Post autor: venomik »

Po kilku rozgrywkach Brassa stanę zdecydowanie po stronie ludzi, którym ta ilość punktów za połączenia jednak trochę przeszkadza. Głównie przez to, że w każdej grze prędzej czy później ktoś z nas (albo i wiecej niż jedna osoba) znalazła się w sytuacji pokroju planowania 'Ok, w tym ruchu zbuduję połączenia tutaj, dzięki temu będę w stanie postawić budynek z piwem w mieście X, ale w następnej rundzie będę pierwszy, dzieki czemu nikt mi tego piwa nie zabierze, więc uda mi się postawić budynek X, a później wykonać sprzedaż dzieki posiadanemu piwu', po czym po 5 minutach upewniania się, że będzie gracza stać na wszystko i nikt mu nie przeszkodzi - okazuje się, że postawienie w tym czasie 6 połączeń, z których do końca gry nikt nie będzie korzystał, jest opcją dającą więcej punktów.
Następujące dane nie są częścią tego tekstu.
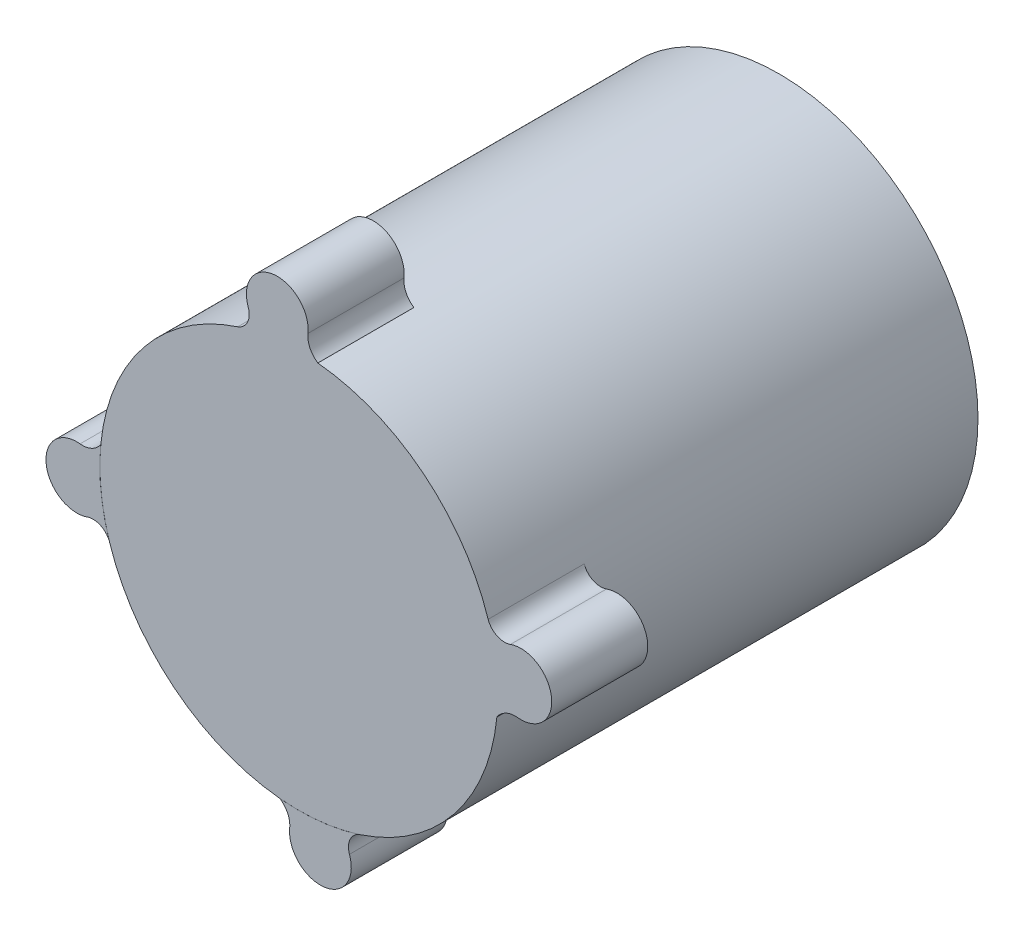
ISO-10303-21;
HEADER;
FILE_DESCRIPTION(('STEP AP214'),'2;1');
FILE_NAME('part.step','',(''),(''),'','','');
FILE_SCHEMA(('AUTOMOTIVE_DESIGN { 1 0 10303 214 1 1 1 1 }'));
ENDSEC;
DATA;
#1=APPLICATION_CONTEXT('core data for automotive mechanical design processes');
#2=APPLICATION_PROTOCOL_DEFINITION('international standard','automotive_design',2000,#1);
#3=PRODUCT_CONTEXT('',#1,'mechanical');
#4=PRODUCT('Part','Part','',(#3));
#5=PRODUCT_RELATED_PRODUCT_CATEGORY('part','',(#4));
#6=PRODUCT_DEFINITION_FORMATION('','',#4);
#7=PRODUCT_DEFINITION_CONTEXT('part definition',#1,'design');
#8=PRODUCT_DEFINITION('design','',#6,#7);
#9=PRODUCT_DEFINITION_SHAPE('','',#8);
#10=(LENGTH_UNIT() NAMED_UNIT(*) SI_UNIT(.MILLI.,.METRE.));
#11=(NAMED_UNIT(*) PLANE_ANGLE_UNIT() SI_UNIT($,.RADIAN.));
#12=(NAMED_UNIT(*) SI_UNIT($,.STERADIAN.) SOLID_ANGLE_UNIT());
#13=UNCERTAINTY_MEASURE_WITH_UNIT(LENGTH_MEASURE(1.E-05),#10,'distance_accuracy_value','');
#14=(GEOMETRIC_REPRESENTATION_CONTEXT(3) GLOBAL_UNCERTAINTY_ASSIGNED_CONTEXT((#13)) GLOBAL_UNIT_ASSIGNED_CONTEXT((#10,
#11,#12)) REPRESENTATION_CONTEXT('',''));
#15=CARTESIAN_POINT('',(0.,0.,0.));
#16=DIRECTION('',(0.,0.,1.));
#17=DIRECTION('',(1.,0.,0.));
#18=AXIS2_PLACEMENT_3D('',#15,#16,#17);
#19=CARTESIAN_POINT('',(-32.3631624940264,-3.14318675037455,56.));
#20=DIRECTION('',(0.,0.,1.));
#21=DIRECTION('',(1.,0.,0.));
#22=AXIS2_PLACEMENT_3D('',#19,#20,#21);
#23=CYLINDRICAL_SURFACE('',#22,4.49999999999999);
#24=CARTESIAN_POINT('',(-32.3631624940264,-3.14318675037455,70.));
#25=DIRECTION('',(0.,0.,1.));
#26=DIRECTION('',(1.,0.,0.));
#27=AXIS2_PLACEMENT_3D('',#24,#25,#26);
#28=CIRCLE('',#27,4.49999999999999);
#29=CARTESIAN_POINT('',(-31.8881218543479,1.33166926861129,70.));
#30=VERTEX_POINT('',#29);
#31=CARTESIAN_POINT('',(-30.8479037398254,-7.38040174466231,70.));
#32=VERTEX_POINT('',#31);
#33=EDGE_CURVE('E112',#30,#32,#28,.T.);
#34=ORIENTED_EDGE('',*,*,#33,.F.);
#35=DIRECTION('',(0.,0.,1.));
#36=VECTOR('',#35,1.);
#37=CARTESIAN_POINT('',(-31.8881218543479,1.33166926861129,56.));
#38=LINE('',#37,#36);
#39=CARTESIAN_POINT('',(-31.8881218543479,1.33166926861129,56.));
#40=VERTEX_POINT('',#39);
#41=EDGE_CURVE('E12',#40,#30,#38,.T.);
#42=ORIENTED_EDGE('',*,*,#41,.F.);
#43=CARTESIAN_POINT('',(-32.3631624940264,-3.14318675037455,56.));
#44=DIRECTION('',(0.,0.,1.));
#45=DIRECTION('',(1.,0.,0.));
#46=AXIS2_PLACEMENT_3D('',#43,#44,#45);
#47=CIRCLE('',#46,4.49999999999999);
#48=CARTESIAN_POINT('',(-30.8479037398254,-7.38040174466231,56.));
#49=VERTEX_POINT('',#48);
#50=EDGE_CURVE('E107',#40,#49,#47,.T.);
#51=ORIENTED_EDGE('',*,*,#50,.T.);
#52=DIRECTION('',(0.,0.,1.));
#53=VECTOR('',#52,1.);
#54=CARTESIAN_POINT('',(-30.8479037398254,-7.38040174466231,56.));
#55=LINE('',#54,#53);
#56=EDGE_CURVE('E50',#49,#32,#55,.T.);
#57=ORIENTED_EDGE('',*,*,#56,.T.);
#58=EDGE_LOOP('',(#34,#42,#51,#57));
#59=FACE_BOUND('',#58,.T.);
#60=ADVANCED_FACE('F47',(#59),#23,.T.);
#61=CARTESIAN_POINT('',(-31.5503735262406,4.51323946007231,56.));
#62=DIRECTION('',(0.,0.,1.));
#63=DIRECTION('',(1.,0.,0.));
#64=AXIS2_PLACEMENT_3D('',#61,#62,#63);
#65=CYLINDRICAL_SURFACE('',#64,3.1994472673155);
#66=CARTESIAN_POINT('',(-31.5503735262406,4.51323946007231,70.));
#67=DIRECTION('',(0.,0.,1.));
#68=DIRECTION('',(1.,0.,0.));
#69=AXIS2_PLACEMENT_3D('',#66,#67,#68);
#70=CIRCLE('',#69,3.1994472673155);
#71=CARTESIAN_POINT('',(-28.8770943916648,2.75538807699866,70.));
#72=VERTEX_POINT('',#71);
#73=EDGE_CURVE('E80',#30,#72,#70,.T.);
#74=ORIENTED_EDGE('',*,*,#73,.T.);
#75=DIRECTION('',(0.,0.,1.));
#76=VECTOR('',#75,1.);
#77=CARTESIAN_POINT('',(-28.8770943916648,2.75538807699866,56.));
#78=LINE('',#77,#76);
#79=CARTESIAN_POINT('',(-28.8770943916648,2.75538807699866,56.));
#80=VERTEX_POINT('',#79);
#81=EDGE_CURVE('E56',#80,#72,#78,.T.);
#82=ORIENTED_EDGE('',*,*,#81,.F.);
#83=CARTESIAN_POINT('',(-31.5503735262406,4.51323946007231,56.));
#84=DIRECTION('',(0.,0.,1.));
#85=DIRECTION('',(1.,0.,0.));
#86=AXIS2_PLACEMENT_3D('',#83,#84,#85);
#87=CIRCLE('',#86,3.1994472673155);
#88=EDGE_CURVE('E97',#40,#80,#87,.T.);
#89=ORIENTED_EDGE('',*,*,#88,.F.);
#90=ORIENTED_EDGE('',*,*,#41,.T.);
#91=EDGE_LOOP('',(#74,#82,#89,#90));
#92=FACE_BOUND('',#91,.T.);
#93=ADVANCED_FACE('F122',(#92),#65,.F.);
#94=CARTESIAN_POINT('',(-0.00666070377959306,-0.00550032543737783,56.));
#95=DIRECTION('',(0.,0.,1.));
#96=DIRECTION('',(1.,0.,0.));
#97=AXIS2_PLACEMENT_3D('',#94,#95,#96);
#98=CYLINDRICAL_SURFACE('',#97,29.0021455429987);
#99=CARTESIAN_POINT('',(-0.00666070377959306,-0.00550032543737783,70.));
#100=DIRECTION('',(0.,0.,1.));
#101=DIRECTION('',(1.,0.,0.));
#102=AXIS2_PLACEMENT_3D('',#99,#100,#101);
#103=CIRCLE('',#102,29.0021455429987);
#104=CARTESIAN_POINT('',(-27.6514861589343,-8.77408468389059,70.));
#105=VERTEX_POINT('',#104);
#106=EDGE_CURVE('E104',#72,#105,#103,.T.);
#107=ORIENTED_EDGE('',*,*,#106,.T.);
#108=DIRECTION('',(0.,0.,1.));
#109=VECTOR('',#108,1.);
#110=CARTESIAN_POINT('',(-27.6514861589343,-8.77408468389059,56.));
#111=LINE('',#110,#109);
#112=CARTESIAN_POINT('',(-27.6514861589343,-8.77408468389059,56.));
#113=VERTEX_POINT('',#112);
#114=EDGE_CURVE('E101',#113,#105,#111,.T.);
#115=ORIENTED_EDGE('',*,*,#114,.F.);
#116=CARTESIAN_POINT('',(-0.00666070377959306,-0.00550032543737783,56.));
#117=DIRECTION('',(0.,0.,1.));
#118=DIRECTION('',(1.,0.,0.));
#119=AXIS2_PLACEMENT_3D('',#116,#117,#118);
#120=CIRCLE('',#119,29.0021455429987);
#121=EDGE_CURVE('E92',#80,#113,#120,.T.);
#122=ORIENTED_EDGE('',*,*,#121,.F.);
#123=ORIENTED_EDGE('',*,*,#81,.T.);
#124=EDGE_LOOP('',(#107,#115,#122,#123));
#125=FACE_BOUND('',#124,.T.);
#126=ADVANCED_FACE('F102',(#125),#98,.F.);
#127=CARTESIAN_POINT('',(-29.9908402870079,-9.77706310910963,56.));
#128=DIRECTION('',(0.,0.,1.));
#129=DIRECTION('',(1.,0.,0.));
#130=AXIS2_PLACEMENT_3D('',#127,#128,#129);
#131=CYLINDRICAL_SURFACE('',#130,2.54529830432305);
#132=CARTESIAN_POINT('',(-29.9908402870079,-9.77706310910963,70.));
#133=DIRECTION('',(0.,0.,1.));
#134=DIRECTION('',(1.,0.,0.));
#135=AXIS2_PLACEMENT_3D('',#132,#133,#134);
#136=CIRCLE('',#135,2.54529830432305);
#137=EDGE_CURVE('E115',#32,#105,#136,.F.);
#138=ORIENTED_EDGE('',*,*,#137,.F.);
#139=ORIENTED_EDGE('',*,*,#56,.F.);
#140=CARTESIAN_POINT('',(-29.9908402870079,-9.77706310910963,56.));
#141=DIRECTION('',(0.,0.,1.));
#142=DIRECTION('',(1.,0.,0.));
#143=AXIS2_PLACEMENT_3D('',#140,#141,#142);
#144=CIRCLE('',#143,2.54529830432305);
#145=EDGE_CURVE('E96',#49,#113,#144,.F.);
#146=ORIENTED_EDGE('',*,*,#145,.T.);
#147=ORIENTED_EDGE('',*,*,#114,.T.);
#148=EDGE_LOOP('',(#138,#139,#146,#147));
#149=FACE_BOUND('',#148,.T.);
#150=ADVANCED_FACE('F106',(#149),#131,.F.);
#151=CARTESIAN_POINT('',(0.,0.,56.));
#152=DIRECTION('',(0.,0.,1.));
#153=DIRECTION('',(1.,0.,0.));
#154=AXIS2_PLACEMENT_3D('',#151,#152,#153);
#155=PLANE('',#154);
#156=ORIENTED_EDGE('',*,*,#50,.F.);
#157=ORIENTED_EDGE('',*,*,#88,.T.);
#158=ORIENTED_EDGE('',*,*,#121,.T.);
#159=ORIENTED_EDGE('',*,*,#145,.F.);
#160=EDGE_LOOP('',(#156,#157,#158,#159));
#161=FACE_BOUND('',#160,.T.);
#162=ADVANCED_FACE('F95',(#161),#155,.F.);
#163=CARTESIAN_POINT('',(0.,0.,70.));
#164=DIRECTION('',(0.,0.,1.));
#165=DIRECTION('',(1.,0.,0.));
#166=AXIS2_PLACEMENT_3D('',#163,#164,#165);
#167=PLANE('',#166);
#168=ORIENTED_EDGE('',*,*,#33,.T.);
#169=ORIENTED_EDGE('',*,*,#137,.T.);
#170=ORIENTED_EDGE('',*,*,#106,.F.);
#171=ORIENTED_EDGE('',*,*,#73,.F.);
#172=EDGE_LOOP('',(#168,#169,#170,#171));
#173=FACE_BOUND('',#172,.T.);
#174=ADVANCED_FACE('F120',(#173),#167,.T.);
#175=CLOSED_SHELL('',(#60,#93,#126,#150,#162,#174));
#176=MANIFOLD_SOLID_BREP('B2',#175);
#177=CARTESIAN_POINT('',(3.14318675037461,-32.3631624940261,56.));
#178=DIRECTION('',(0.,0.,1.));
#179=DIRECTION('',(1.,0.,0.));
#180=AXIS2_PLACEMENT_3D('',#177,#178,#179);
#181=CYLINDRICAL_SURFACE('',#180,4.49999999999999);
#182=CARTESIAN_POINT('',(3.14318675037461,-32.3631624940261,70.));
#183=DIRECTION('',(0.,0.,1.));
#184=DIRECTION('',(1.,0.,0.));
#185=AXIS2_PLACEMENT_3D('',#182,#183,#184);
#186=CIRCLE('',#185,4.49999999999999);
#187=CARTESIAN_POINT('',(-1.33166926861123,-31.8881218543476,70.));
#188=VERTEX_POINT('',#187);
#189=CARTESIAN_POINT('',(7.38040174466237,-30.847903739825,70.));
#190=VERTEX_POINT('',#189);
#191=EDGE_CURVE('E244',#188,#190,#186,.T.);
#192=ORIENTED_EDGE('',*,*,#191,.F.);
#193=DIRECTION('',(0.,0.,1.));
#194=VECTOR('',#193,1.);
#195=CARTESIAN_POINT('',(-1.33166926861123,-31.8881218543476,56.));
#196=LINE('',#195,#194);
#197=CARTESIAN_POINT('',(-1.33166926861123,-31.8881218543476,56.));
#198=VERTEX_POINT('',#197);
#199=EDGE_CURVE('E45',#198,#188,#196,.T.);
#200=ORIENTED_EDGE('',*,*,#199,.F.);
#201=CARTESIAN_POINT('',(3.14318675037461,-32.3631624940261,56.));
#202=DIRECTION('',(0.,0.,1.));
#203=DIRECTION('',(1.,0.,0.));
#204=AXIS2_PLACEMENT_3D('',#201,#202,#203);
#205=CIRCLE('',#204,4.49999999999999);
#206=CARTESIAN_POINT('',(7.38040174466237,-30.847903739825,56.));
#207=VERTEX_POINT('',#206);
#208=EDGE_CURVE('E239',#198,#207,#205,.T.);
#209=ORIENTED_EDGE('',*,*,#208,.T.);
#210=DIRECTION('',(0.,0.,1.));
#211=VECTOR('',#210,1.);
#212=CARTESIAN_POINT('',(7.38040174466237,-30.847903739825,56.));
#213=LINE('',#212,#211);
#214=EDGE_CURVE('E182',#207,#190,#213,.T.);
#215=ORIENTED_EDGE('',*,*,#214,.T.);
#216=EDGE_LOOP('',(#192,#200,#209,#215));
#217=FACE_BOUND('',#216,.T.);
#218=ADVANCED_FACE('F179',(#217),#181,.T.);
#219=CARTESIAN_POINT('',(-4.51323946007221,-31.5503735262406,56.));
#220=DIRECTION('',(0.,0.,1.));
#221=DIRECTION('',(1.,0.,0.));
#222=AXIS2_PLACEMENT_3D('',#219,#220,#221);
#223=CYLINDRICAL_SURFACE('',#222,3.19944726731559);
#224=CARTESIAN_POINT('',(-4.51323946007221,-31.5503735262406,70.));
#225=DIRECTION('',(0.,0.,1.));
#226=DIRECTION('',(1.,0.,0.));
#227=AXIS2_PLACEMENT_3D('',#224,#225,#226);
#228=CIRCLE('',#227,3.19944726731559);
#229=CARTESIAN_POINT('',(-2.75538807699889,-28.8770943916644,70.));
#230=VERTEX_POINT('',#229);
#231=EDGE_CURVE('E212',#188,#230,#228,.T.);
#232=ORIENTED_EDGE('',*,*,#231,.T.);
#233=DIRECTION('',(0.,0.,1.));
#234=VECTOR('',#233,1.);
#235=CARTESIAN_POINT('',(-2.75538807699889,-28.8770943916644,56.));
#236=LINE('',#235,#234);
#237=CARTESIAN_POINT('',(-2.75538807699889,-28.8770943916644,56.));
#238=VERTEX_POINT('',#237);
#239=EDGE_CURVE('E188',#238,#230,#236,.T.);
#240=ORIENTED_EDGE('',*,*,#239,.F.);
#241=CARTESIAN_POINT('',(-4.51323946007221,-31.5503735262406,56.));
#242=DIRECTION('',(0.,0.,1.));
#243=DIRECTION('',(1.,0.,0.));
#244=AXIS2_PLACEMENT_3D('',#241,#242,#243);
#245=CIRCLE('',#244,3.19944726731559);
#246=EDGE_CURVE('E229',#198,#238,#245,.T.);
#247=ORIENTED_EDGE('',*,*,#246,.F.);
#248=ORIENTED_EDGE('',*,*,#199,.T.);
#249=EDGE_LOOP('',(#232,#240,#247,#248));
#250=FACE_BOUND('',#249,.T.);
#251=ADVANCED_FACE('F254',(#250),#223,.F.);
#252=CARTESIAN_POINT('',(-0.00666070377959306,-0.00550032543737783,56.));
#253=DIRECTION('',(0.,0.,1.));
#254=DIRECTION('',(1.,0.,0.));
#255=AXIS2_PLACEMENT_3D('',#252,#253,#254);
#256=CYLINDRICAL_SURFACE('',#255,29.0021455429987);
#257=CARTESIAN_POINT('',(-0.00666070377959306,-0.00550032543737783,70.));
#258=DIRECTION('',(0.,0.,1.));
#259=DIRECTION('',(1.,0.,0.));
#260=AXIS2_PLACEMENT_3D('',#257,#258,#259);
#261=CIRCLE('',#260,29.0021455429987);
#262=CARTESIAN_POINT('',(8.82580425739551,-27.6299823804352,70.));
#263=VERTEX_POINT('',#262);
#264=EDGE_CURVE('E236',#230,#263,#261,.T.);
#265=ORIENTED_EDGE('',*,*,#264,.T.);
#266=DIRECTION('',(0.,0.,1.));
#267=VECTOR('',#266,1.);
#268=CARTESIAN_POINT('',(8.82580425739551,-27.6299823804352,56.));
#269=LINE('',#268,#267);
#270=CARTESIAN_POINT('',(8.82580425739551,-27.6299823804352,56.));
#271=VERTEX_POINT('',#270);
#272=EDGE_CURVE('E233',#271,#263,#269,.T.);
#273=ORIENTED_EDGE('',*,*,#272,.F.);
#274=CARTESIAN_POINT('',(-0.00666070377959306,-0.00550032543737783,56.));
#275=DIRECTION('',(0.,0.,1.));
#276=DIRECTION('',(1.,0.,0.));
#277=AXIS2_PLACEMENT_3D('',#274,#275,#276);
#278=CIRCLE('',#277,29.0021455429987);
#279=EDGE_CURVE('E224',#238,#271,#278,.T.);
#280=ORIENTED_EDGE('',*,*,#279,.F.);
#281=ORIENTED_EDGE('',*,*,#239,.T.);
#282=EDGE_LOOP('',(#265,#273,#280,#281));
#283=FACE_BOUND('',#282,.T.);
#284=ADVANCED_FACE('F234',(#283),#256,.F.);
#285=CARTESIAN_POINT('',(9.7770631091097,-29.9908402870076,56.));
#286=DIRECTION('',(0.,0.,1.));
#287=DIRECTION('',(1.,0.,0.));
#288=AXIS2_PLACEMENT_3D('',#285,#286,#287);
#289=CYLINDRICAL_SURFACE('',#288,2.54529830432308);
#290=CARTESIAN_POINT('',(9.7770631091097,-29.9908402870076,70.));
#291=DIRECTION('',(0.,0.,1.));
#292=DIRECTION('',(1.,0.,0.));
#293=AXIS2_PLACEMENT_3D('',#290,#291,#292);
#294=CIRCLE('',#293,2.54529830432308);
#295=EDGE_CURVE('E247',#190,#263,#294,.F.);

Mnie to strasznie wyrzuca z klimatu. Gdzie wcześniej planowałem kilka rund do przodu aby postawić potrzebny budynek, zdobyć potrzebne surowce i odpalić potrzebną akcję pozwalającą wykorzystać maksymalnie potencjał budynku vs coś, co swoją prostotą przypomina zwykłe kupowanie punktów zwycięstwa.

I rozumiem istnienie tego, ale mam wrażenie, że jednak przelicznik jest źle dobrany i zbyt często starannie planowane akcje okazują się być słabe w starciu z postawieniem nieprzydatnych do niczego połączeń.